# There's something seriously wrong with Bill Nye



## Audi Driver P.E. (Apr 24, 2017)

If you haven't seen the vid, I'm sorry...  I'm not linking you to it.  It's a bit um... disturbing.  I remember when he was on the show "Almost Live!".  It's been a long slide from those days, it seems.


----------



## ptatohed (Apr 24, 2017)

What the H are you talking about?  I love Bill Nye, don't ruin that for me!  P  Seriously, what did he do?  Wear a neck tie instead of a bow tie?


----------



## Road Guy (Apr 24, 2017)

Is it the one where he said the only way to save the planet was to only eat plants?


----------



## wilheldp_PE (Apr 24, 2017)

Apparently his new Netflix show is a dumpster fire.


----------



## YMZ PE (Apr 24, 2017)

I have no idea what his new show is like, but plenty of Southern Californians can testify that there's something seriously wrong with Bill Nye. I volunteered at an event he spoke at and he was a complete ass to me. He used to be my idol before that. He's also frequently found in the swing dancing and basketball scenes around Pasadena, and is known for being a poor sport and jerk. There's my Bill Nye Sucks rant for 2017.


----------



## Supe (Apr 25, 2017)

Nye has turned into an environmentalist wingnut.  I'm not sure what his latest tirade was about, but it wouldn't surprise me if its over just that.


----------



## goodal (Apr 25, 2017)

...but yet he is THE guy to ask questions about our global climate for the left.  I know people love to say there is a difference between weather and climate, but I'm sorry, if you can't tell me with a better degrees of accuracy than 50-50 what the weather will be like next week, don't expect me to believe you know what the weather was like 10,000 years ago.


----------



## Supe (Apr 25, 2017)

goodal said:


> ...but yet he is THE guy to ask questions about our global climate for the left.


Of course.



goodal said:


> if you can't tell me with a better degrees of accuracy than 50-50 what the weather will be like next week, don't expect me to believe you know what the weather was like 10,000 years ago.

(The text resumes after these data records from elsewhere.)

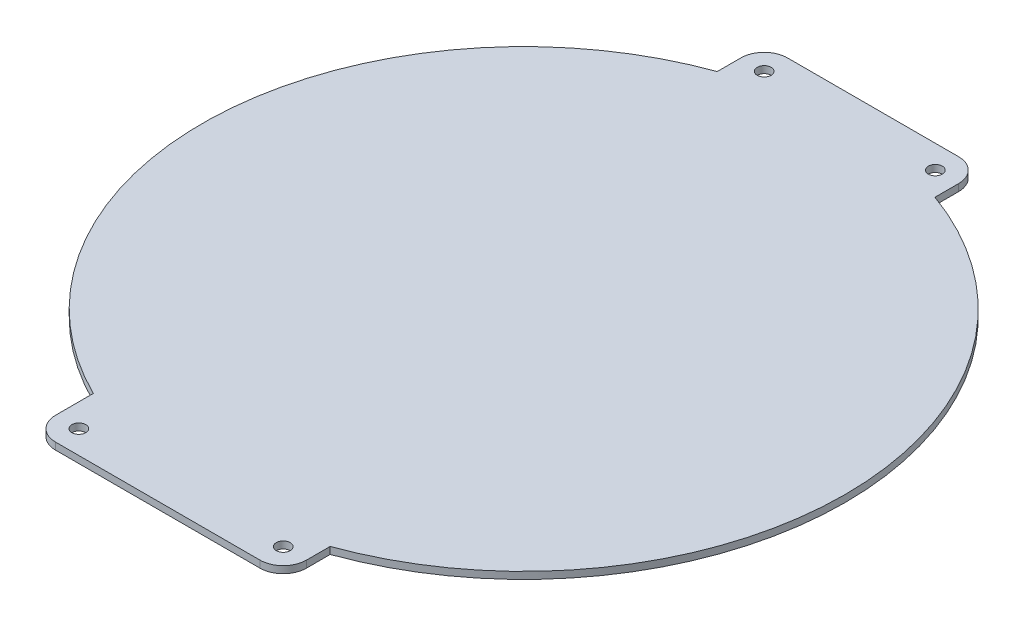
ISO-10303-21;
HEADER;
FILE_DESCRIPTION(('STEP AP214'),'2;1');
FILE_NAME('part.step','',(''),(''),'','','');
FILE_SCHEMA(('AUTOMOTIVE_DESIGN { 1 0 10303 214 1 1 1 1 }'));
ENDSEC;
DATA;
#1=APPLICATION_CONTEXT('core data for automotive mechanical design processes');
#2=APPLICATION_PROTOCOL_DEFINITION('international standard','automotive_design',2000,#1);
#3=PRODUCT_CONTEXT('',#1,'mechanical');
#4=PRODUCT('Part','Part','',(#3));
#5=PRODUCT_RELATED_PRODUCT_CATEGORY('part','',(#4));
#6=PRODUCT_DEFINITION_FORMATION('','',#4);
#7=PRODUCT_DEFINITION_CONTEXT('part definition',#1,'design');
#8=PRODUCT_DEFINITION('design','',#6,#7);
#9=PRODUCT_DEFINITION_SHAPE('','',#8);
#10=(LENGTH_UNIT() NAMED_UNIT(*) SI_UNIT(.MILLI.,.METRE.));
#11=(NAMED_UNIT(*) PLANE_ANGLE_UNIT() SI_UNIT($,.RADIAN.));
#12=(NAMED_UNIT(*) SI_UNIT($,.STERADIAN.) SOLID_ANGLE_UNIT());
#13=UNCERTAINTY_MEASURE_WITH_UNIT(LENGTH_MEASURE(1.E-05),#10,'distance_accuracy_value','');
#14=(GEOMETRIC_REPRESENTATION_CONTEXT(3) GLOBAL_UNCERTAINTY_ASSIGNED_CONTEXT((#13)) GLOBAL_UNIT_ASSIGNED_CONTEXT((#10,
#11,#12)) REPRESENTATION_CONTEXT('',''));
#15=CARTESIAN_POINT('',(0.,0.,0.));
#16=DIRECTION('',(0.,0.,1.));
#17=DIRECTION('',(1.,0.,0.));
#18=AXIS2_PLACEMENT_3D('',#15,#16,#17);
#19=CARTESIAN_POINT('',(31.1619048833757,11.5,92.001));
#20=DIRECTION('',(-1.,0.,0.));
#21=DIRECTION('',(0.,0.,1.));
#22=AXIS2_PLACEMENT_3D('',#19,#20,#21);
#23=PLANE('',#22);
#24=DIRECTION('',(0.,0.,-1.));
#25=VECTOR('',#24,1.);
#26=CARTESIAN_POINT('',(31.1619048833757,9.49999999999999,92.001));
#27=LINE('',#26,#25);
#28=CARTESIAN_POINT('',(31.1619048833757,9.49999999999999,-86.5617449225663));
#29=VERTEX_POINT('',#28);
#30=CARTESIAN_POINT('',(31.1619048833757,9.49999999999999,-93.3380951166243));
#31=VERTEX_POINT('',#30);
#32=EDGE_CURVE('E158',#29,#31,#27,.T.);
#33=ORIENTED_EDGE('',*,*,#32,.T.);
#34=DIRECTION('',(0.,-1.,0.));
#35=VECTOR('',#34,1.);
#36=CARTESIAN_POINT('',(31.1619048833757,11.5,-93.3380951166243));
#37=LINE('',#36,#35);
#38=CARTESIAN_POINT('',(31.1619048833757,11.5,-93.3380951166243));
#39=VERTEX_POINT('',#38);
#40=EDGE_CURVE('E11',#39,#31,#37,.T.);
#41=ORIENTED_EDGE('',*,*,#40,.F.);
#42=DIRECTION('',(0.,0.,-1.));
#43=VECTOR('',#42,1.);
#44=CARTESIAN_POINT('',(31.1619048833757,11.5,92.001));
#45=LINE('',#44,#43);
#46=CARTESIAN_POINT('',(31.1619048833757,11.5,-86.5617449225663));
#47=VERTEX_POINT('',#46);
#48=EDGE_CURVE('E103',#47,#39,#45,.T.);
#49=ORIENTED_EDGE('',*,*,#48,.F.);
#50=DIRECTION('',(0.,-1.,0.));
#51=VECTOR('',#50,1.);
#52=CARTESIAN_POINT('',(31.1619048833757,11.5,-86.5617449225663));
#53=LINE('',#52,#51);
#54=EDGE_CURVE('E53',#47,#29,#53,.T.);
#55=ORIENTED_EDGE('',*,*,#54,.T.);
#56=EDGE_LOOP('',(#33,#41,#49,#55));
#57=FACE_BOUND('',#56,.T.);
#58=ADVANCED_FACE('F37',(#57),#23,.F.);
#59=CARTESIAN_POINT('',(24.5,11.5,-93.3380951166243));
#60=DIRECTION('',(0.,-1.,0.));
#61=DIRECTION('',(0.,0.,-1.));
#62=AXIS2_PLACEMENT_3D('',#59,#60,#61);
#63=CYLINDRICAL_SURFACE('',#62,6.6619048833757);
#64=CARTESIAN_POINT('',(24.5,9.49999999999999,-93.3380951166243));
#65=DIRECTION('',(0.,-1.,0.));
#66=DIRECTION('',(1.,0.,0.));
#67=AXIS2_PLACEMENT_3D('',#64,#65,#66);
#68=CIRCLE('',#67,6.6619048833757);
#69=CARTESIAN_POINT('',(24.5,9.5,-100.));
#70=VERTEX_POINT('',#69);
#71=EDGE_CURVE('E160',#70,#31,#68,.T.);
#72=ORIENTED_EDGE('',*,*,#71,.F.);
#73=DIRECTION('',(0.,-1.,0.));
#74=VECTOR('',#73,1.);
#75=CARTESIAN_POINT('',(24.5,11.5,-100.));
#76=LINE('',#75,#74);
#77=CARTESIAN_POINT('',(24.5,11.5,-100.));
#78=VERTEX_POINT('',#77);
#79=EDGE_CURVE('E45',#78,#70,#76,.T.);
#80=ORIENTED_EDGE('',*,*,#79,.F.);
#81=CARTESIAN_POINT('',(24.5,11.5,-93.3380951166243));
#82=DIRECTION('',(0.,-1.,0.));
#83=DIRECTION('',(1.,0.,0.));
#84=AXIS2_PLACEMENT_3D('',#81,#82,#83);
#85=CIRCLE('',#84,6.6619048833757);
#86=EDGE_CURVE('E230',#78,#39,#85,.T.);
#87=ORIENTED_EDGE('',*,*,#86,.T.);
#88=ORIENTED_EDGE('',*,*,#40,.T.);
#89=EDGE_LOOP('',(#72,#80,#87,#88));
#90=FACE_BOUND('',#89,.T.);
#91=ADVANCED_FACE('F215',(#90),#63,.T.);
#92=CARTESIAN_POINT('',(17.0000000000001,11.5,-100.));
#93=DIRECTION('',(0.,0.,1.));
#94=DIRECTION('',(1.,0.,0.));
#95=AXIS2_PLACEMENT_3D('',#92,#93,#94);
#96=PLANE('',#95);
#97=DIRECTION('',(-1.,0.,0.));
#98=VECTOR('',#97,1.);
#99=CARTESIAN_POINT('',(17.0000000000001,9.5,-100.));
#100=LINE('',#99,#98);
#101=CARTESIAN_POINT('',(-24.5,9.50000000000002,-100.));
#102=VERTEX_POINT('',#101);
#103=EDGE_CURVE('E164',#70,#102,#100,.T.);
#104=ORIENTED_EDGE('',*,*,#103,.T.);
#105=DIRECTION('',(0.,-1.,0.));
#106=VECTOR('',#105,1.);
#107=CARTESIAN_POINT('',(-24.5,11.5,-100.));
#108=LINE('',#107,#106);
#109=CARTESIAN_POINT('',(-24.5,11.5,-100.));
#110=VERTEX_POINT('',#109);
#111=EDGE_CURVE('E205',#110,#102,#108,.T.);
#112=ORIENTED_EDGE('',*,*,#111,.F.);
#113=DIRECTION('',(-1.,0.,0.));
#114=VECTOR('',#113,1.);
#115=CARTESIAN_POINT('',(17.0000000000001,11.5,-100.));
#116=LINE('',#115,#114);
#117=EDGE_CURVE('E212',#78,#110,#116,.T.);
#118=ORIENTED_EDGE('',*,*,#117,.F.);
#119=ORIENTED_EDGE('',*,*,#79,.T.);
#120=EDGE_LOOP('',(#104,#112,#118,#119));
#121=FACE_BOUND('',#120,.T.);
#122=ADVANCED_FACE('F210',(#121),#96,.F.);
#123=CARTESIAN_POINT('',(-24.5,11.5,-93.3380951166243));
#124=DIRECTION('',(0.,-1.,0.));
#125=DIRECTION('',(0.,0.,-1.));
#126=AXIS2_PLACEMENT_3D('',#123,#124,#125);
#127=CYLINDRICAL_SURFACE('',#126,6.6619048833757);
#128=CARTESIAN_POINT('',(-24.5,9.50000000000002,-93.3380951166243));
#129=DIRECTION('',(0.,-1.,0.));
#130=DIRECTION('',(1.,0.,0.));
#131=AXIS2_PLACEMENT_3D('',#128,#129,#130);
#132=CIRCLE('',#131,6.6619048833757);
#133=CARTESIAN_POINT('',(-31.1619048833757,9.50000000000003,-93.3380951166243));
#134=VERTEX_POINT('',#133);
#135=EDGE_CURVE('E167',#134,#102,#132,.T.);
#136=ORIENTED_EDGE('',*,*,#135,.F.);
#137=DIRECTION('',(0.,-1.,0.));
#138=VECTOR('',#137,1.);
#139=CARTESIAN_POINT('',(-31.1619048833757,11.5,-93.3380951166243));
#140=LINE('',#139,#138);
#141=CARTESIAN_POINT('',(-31.1619048833757,11.5,-93.3380951166243));
#142=VERTEX_POINT('',#141);
#143=EDGE_CURVE('E203',#142,#134,#140,.T.);
#144=ORIENTED_EDGE('',*,*,#143,.F.);
#145=CARTESIAN_POINT('',(-24.5,11.5,-93.3380951166243));
#146=DIRECTION('',(0.,-1.,0.));
#147=DIRECTION('',(1.,0.,0.));
#148=AXIS2_PLACEMENT_3D('',#145,#146,#147);
#149=CIRCLE('',#148,6.6619048833757);
#150=EDGE_CURVE('E225',#142,#110,#149,.T.);
#151=ORIENTED_EDGE('',*,*,#150,.T.);
#152=ORIENTED_EDGE('',*,*,#111,.T.);
#153=EDGE_LOOP('',(#136,#144,#151,#152));
#154=FACE_BOUND('',#153,.T.);
#155=ADVANCED_FACE('F221',(#154),#127,.T.);
#156=CARTESIAN_POINT('',(-31.1619048833757,11.5,92.001));
#157=DIRECTION('',(1.,0.,0.));
#158=DIRECTION('',(0.,0.,-1.));
#159=AXIS2_PLACEMENT_3D('',#156,#157,#158);
#160=PLANE('',#159);
#161=DIRECTION('',(0.,0.,1.));
#162=VECTOR('',#161,1.);
#163=CARTESIAN_POINT('',(-31.1619048833757,9.50000000000003,92.001));
#164=LINE('',#163,#162);
#165=CARTESIAN_POINT('',(-31.1619048833757,9.50000000000003,-86.5617449225664));
#166=VERTEX_POINT('',#165);
#167=EDGE_CURVE('E170',#134,#166,#164,.T.);
#168=ORIENTED_EDGE('',*,*,#167,.T.);
#169=DIRECTION('',(0.,-1.,0.));
#170=VECTOR('',#169,1.);
#171=CARTESIAN_POINT('',(-31.1619048833757,11.5,-86.5617449225664));
#172=LINE('',#171,#170);
#173=CARTESIAN_POINT('',(-31.1619048833757,11.5,-86.5617449225664));
#174=VERTEX_POINT('',#173);
#175=EDGE_CURVE('E201',#174,#166,#172,.T.);
#176=ORIENTED_EDGE('',*,*,#175,.F.);
#177=DIRECTION('',(0.,0.,1.));
#178=VECTOR('',#177,1.);
#179=CARTESIAN_POINT('',(-31.1619048833757,11.5,92.001));
#180=LINE('',#179,#178);
#181=EDGE_CURVE('E226',#142,#174,#180,.T.);
#182=ORIENTED_EDGE('',*,*,#181,.F.);
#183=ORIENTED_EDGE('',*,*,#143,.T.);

Which is the #1 reason for most of the skeptics.  It's not necessarily that the climate isn't changing, it's that you have absolutely no way of verifying that your models are accurate.  Consequently, you have no baseline to determine what the changes are, or whether man-made emissions are having any discernible effect.  There also seems to be little agreement on which models should actually be used.


----------



## snickerd3 (Apr 25, 2017)

always knew he was a dick


----------



## Audi Driver P.E. (Apr 26, 2017)

I suppose if you want you can google/youtube "My Sex Junk - Rachel Bloom - Bill Nye Saves The World"


----------



## Dexman PE PMP (Apr 27, 2017)

I honestly think the deliberate ignorance of the American public combined with the influx of pseudoscience "muddying the waters" has driven him crazy. He really does know his shit, and knows who to talk to when he doesn't. Having to constantly "debate" science facts with a general population who need warning labels telling them coffee is hot has essentially pushed him to the "extremism" side of things. He's now painted as a fanatic and many people will automatically dismiss any point if he's trying to make it.

Climate science is not an exact science, but we do have a planet with millions of years worth of data that scientists have been analyzing for centuries. Have theories evolved? Of course they have, that's the basis of the scientific model. Hypothesize, test, observe, repeat. When multiple tests performed by different people generate the same results, a scientific theory is generated. Again, the deliberately ignorant public mis-uses the term theory, "Evolution is *only* a theory..."  Yes dipshit, evolution is a theory, gravity is a theory too, so why don't you fly away.?"


----------



## knight1fox3 (Apr 27, 2017)

[emoji1]






Sent from my SM-G925V using Tapatalk


----------



## thekzieg (Apr 28, 2017)

Dolph Lundgren is a Coug?! How did I not know this??


----------



## matt267 PE (Apr 28, 2017)

Audi driver said:


> I suppose if you want you can google/youtube "My Sex Junk - Rachel Bloom - Bill Nye Saves The World"


Wow, that was awkward.


----------



## kevo_55 (Apr 28, 2017)

Mind blown.


----------



## Audi Driver P.E. (Apr 28, 2017)

thekzieg said:


> Dolph Lundgren is a Coug?! How did I not know this??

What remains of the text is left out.